This gets represented as:

Array([[[False, False],
        [False,  True],
        [False,  True]],

       [[False, False],
        [ True, False],
        [False, False]],

       [[ True, False],
        [False, False],
        [False, False]]], dtype=bool)

legal_action_mask: This is a (flat) boolean array that with a False for every filled space and a True for every empty space.
rewards: This array is of shape (2,) and gives us the reward on each step. The first index gives us the reward for player 0 and the second for player 1. Note that the reward is provided for the state after a winning move is played. This means that we have to take into account the fact that the current player switches when determining the reward. Rewards are also not cumulative — if we continue to transition to new “states” after the game has ended (which happens due to batching), the rewards on subsequent states are 0.
terminated: This is simply a boolean value telling us whether the game is over. (PGX also provides an attributed called truncated which indicates that the game ended for some other reason than the game ending normally, e.g., a time limit expired.)

PGX then provides us with a function called step which takes a state and an action and transitions us to the next state. In the case of Tic-Tac-Toe action is very simple — it is just the index of the space we want to lay a piece in. (The numbering goes left to right and then top to bottom, so the top left square has index 0, the top right has index 2, and the bottom right has index 9.)

Finally, because PGX implements all the game logic in Jax, we can run multiple games in parallel, so all of the properties of a state can acquire an additional batch index. This can speed up training considerably.

A random game

To see how this all works, let’s write some code to play a game by making random moves. First we’ll write a function to select a random legal move:

import jax
import jax.numpy as jnp

@jax.jit
def act_randomly(rng, state):
    probs = state.legal_action_mask / state.legal_action_mask.sum()
    # This will be 0 for all legal moves, and -inf for illegal moves.
    logits = jnp.maximum(jnp.log(probs), jnp.finfo(probs.dtype).min)
    return jax.random.categorical(rng, logits, axis=-1)
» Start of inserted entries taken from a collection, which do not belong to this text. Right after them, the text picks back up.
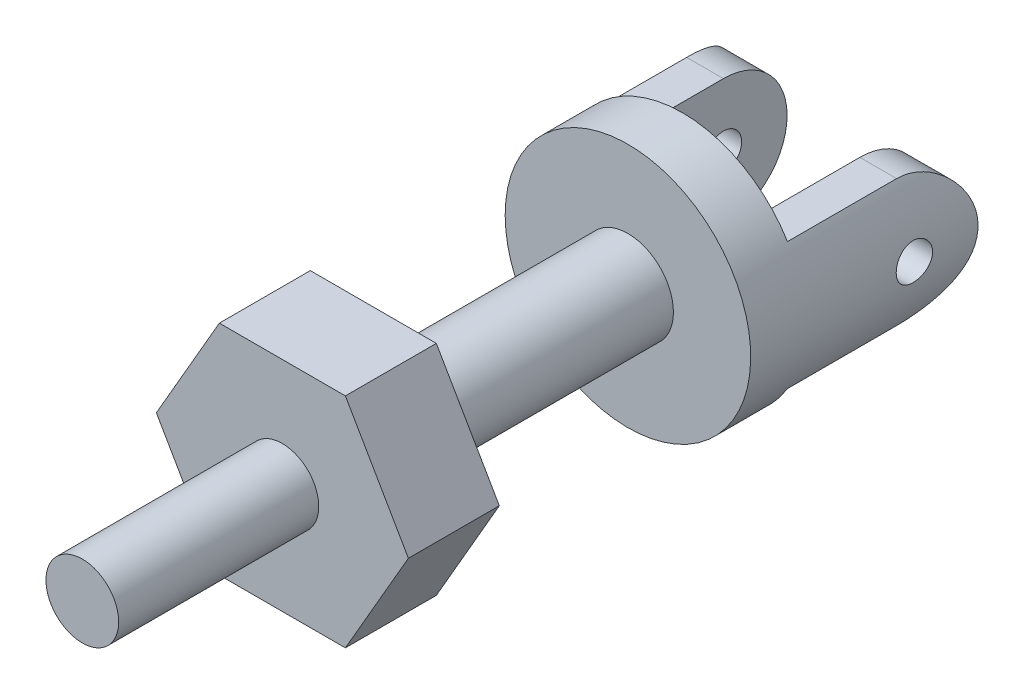
from build123d import *

# Parameters (mm, degrees)
HEXAGON_DEPTH            = 5
SKETCH3_R                = 2
SCREW_POST_DEPTH         = 11
SKETCH4_R                = 2.5
BEARING_SECTION_DEPTH    = 14
SKETCH5_R                = 6.75
U_JOINT_BASE_DEPTH       = 3
U_JOINT_STANDUPS_DEPTH   = 9.5
STANDUP_ROUND_DEPTH      = 7.928203
STANDUP_ROUND_DEPTH_BACK = 7.928203
SKETCH8_R                = 1
BALL_HOLES_DEPTH         = 7.928203
BALL_HOLES_DEPTH_BACK    = 7.928203


with BuildPart() as part:
    # Sketch2 → Hexagon (new body)
    with BuildSketch(Plane.XY):
        Polygon((3.464102, -6), (6.928203, 0), (3.464102, 6), (-3.464102, 6), (-6.928203, 0), (-3.464102, -6), align=None)
    extrude(amount=HEXAGON_DEPTH)

    # Sketch3 → Screw Post (add)
    with BuildSketch(Plane.XY.offset(5)):
        Circle(SKETCH3_R)
    extrude(amount=SCREW_POST_DEPTH)

    # Sketch4 → Bearing Section (add)
    with BuildSketch(Plane(origin=(0, 0, 0), x_dir=(-1, 0, 0), z_dir=(0, 0, -1))):
        Circle(SKETCH4_R)
    extrude(amount=BEARING_SECTION_DEPTH)

    # Sketch5 → U Joint Base (add)
    with BuildSketch(Plane(origin=(0, 0, -14), x_dir=(-1, 0, 0), z_dir=(0, 0, -1))):
        Circle(SKETCH5_R)
    extrude(amount=U_JOINT_BASE_DEPTH)

    # Sketch6 → U Joint Standups (add)
    with BuildSketch(Plane(origin=(0, 0, -17), x_dir=(-1, 0, 0), z_dir=(0, 0, -1))):
        with BuildLine():
            Line((-5.771698, 3.5), (-3.75, 3.5))
            Line((-3.75, 3.5), (-3.75, -3.5))
            Line((-3.75, -3.5), (-5.771698, -3.5))
            ThreePointArc((-5.771698, -3.5), (-6.75, 0), (-5.771698, 3.5))
        make_face()
        with BuildLine():
            Line((3.75, -3.5), (3.75, 3.5))
            Line((3.75, 3.5), (5.771698, 3.5))
            ThreePointArc((5.771698, 3.5), (6.75, 0), (5.771698, -3.5))
            Line((5.771698, -3.5), (3.75, -3.5))
        make_face()
    extrude(amount=U_JOINT_STANDUPS_DEPTH)

    # Sketch7 → Standup Round (cut, two sides)
    with BuildSketch(Plane(origin=(0, 0, 0), x_dir=(0, 0, -1), z_dir=(1, 0, 0))) as standup_round_sk:
        with BuildLine():
            Line((26.5, -3.5), (26.5, 0))
            ThreePointArc((26.5, 0), (25.474874, -2.474874), (23, -3.5))
            Line((23, -3.5), (26.5, -3.5))
        make_face()
        with BuildLine():
            Line((26.5, 3.5), (23, 3.5))
            ThreePointArc((23, 3.5), (25.474874, 2.474874), (26.5, 0))
            Line((26.5, 0), (26.5, 3.5))
        make_face()
    extrude(amount=STANDUP_ROUND_DEPTH, mode=Mode.SUBTRACT)
    extrude(standup_round_sk.sketch, amount=-STANDUP_ROUND_DEPTH_BACK, mode=Mode.SUBTRACT)

    # Sketch8 → Ball Holes (cut, two sides)
    with BuildSketch(Plane(origin=(0, 0, 0), x_dir=(0, 0, -1), z_dir=(1, 0, 0))) as ball_holes_sk:
        with Locations((23, 0)):
            Circle(SKETCH8_R)
    extrude(amount=BALL_HOLES_DEPTH, mode=Mode.SUBTRACT)
    extrude(ball_holes_sk.sketch, amount=-BALL_HOLES_DEPTH_BACK, mode=Mode.SUBTRACT)


solid = part.part
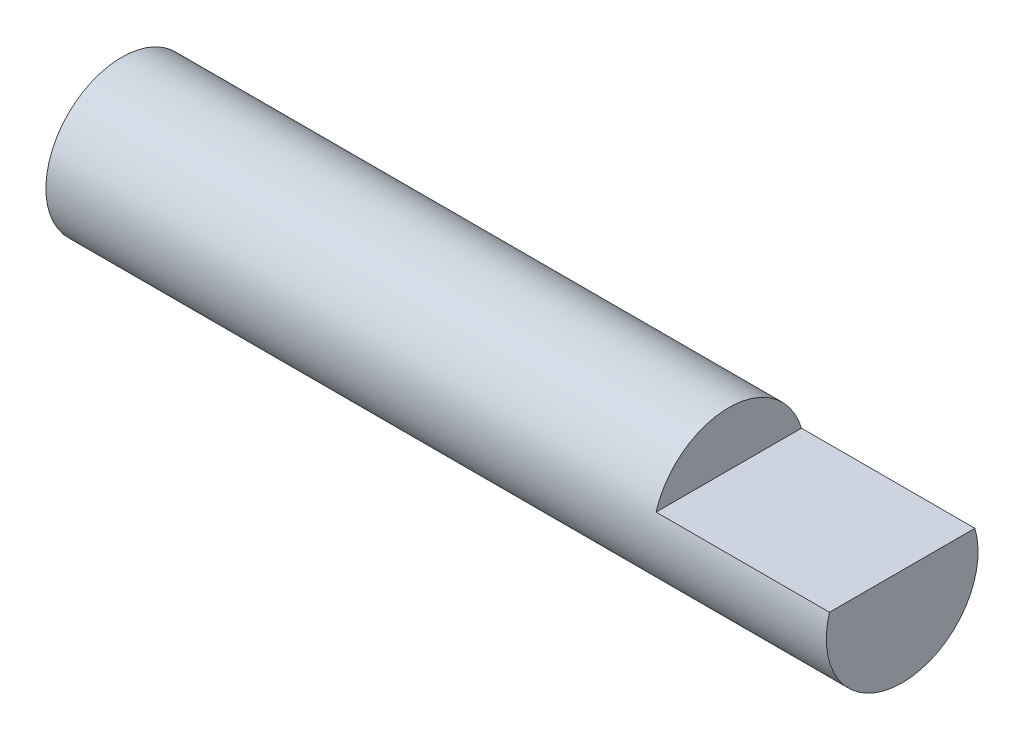
from build123d import *

# Parameters (mm, degrees)
SKETCH1_R          = 5.55625
BASE_EXTRUDE_DEPTH = 57.15
CUT_EXTRUDE1_DEPTH = 12.7


with BuildPart() as part:
    # Sketch1 → Base-Extrude (new body)
    with BuildSketch(Plane(origin=(0, 0, 0), x_dir=(0, 0, -1), z_dir=(1, 0, 0))):
        Circle(SKETCH1_R)
    extrude(amount=BASE_EXTRUDE_DEPTH)

    # Sketch2 → Cut-Extrude1 (cut)
    with BuildSketch(Plane(origin=(57.15, 0, 0), x_dir=(0, 0, -1), z_dir=(1, 0, 0))):
        with BuildLine():
            Line((-5.324636871, 1.5875), (5.324636871, 1.5875))
            ThreePointArc((5.324636871, 1.5875), (0, 5.55625), (-5.324636871, 1.5875))
        make_face()
    extrude(amount=-CUT_EXTRUDE1_DEPTH, mode=Mode.SUBTRACT)


solid = part.part

Now we can run through a batch of games:

import pgx

def play_random_game(rng, batch_size):
    env = pgx.tic_tac_toe.TicTacToe()
    init_fn = jax.vmap(env.init)  # This batches the environment.
    step_fn = jax.vmap(env.step)
    
    key, subkey = jax.random.split(rng)
    keys = jax.random.split(subkey, batch_size)
    
    state = init_fn(keys)
    states = [state]
    
    while not state.terminated.all():
        key, subkey = jax.random.split(key)
        random_actions = act_randomly(subkey, state)
        
        state = step_fn(state, random_actions)
        states.append(state)
    
    return states

If we run this on a batch of 9 games we get play that looks like this:

Clearly not optimal! Let’s see if we can use reinforcement learning to do any better.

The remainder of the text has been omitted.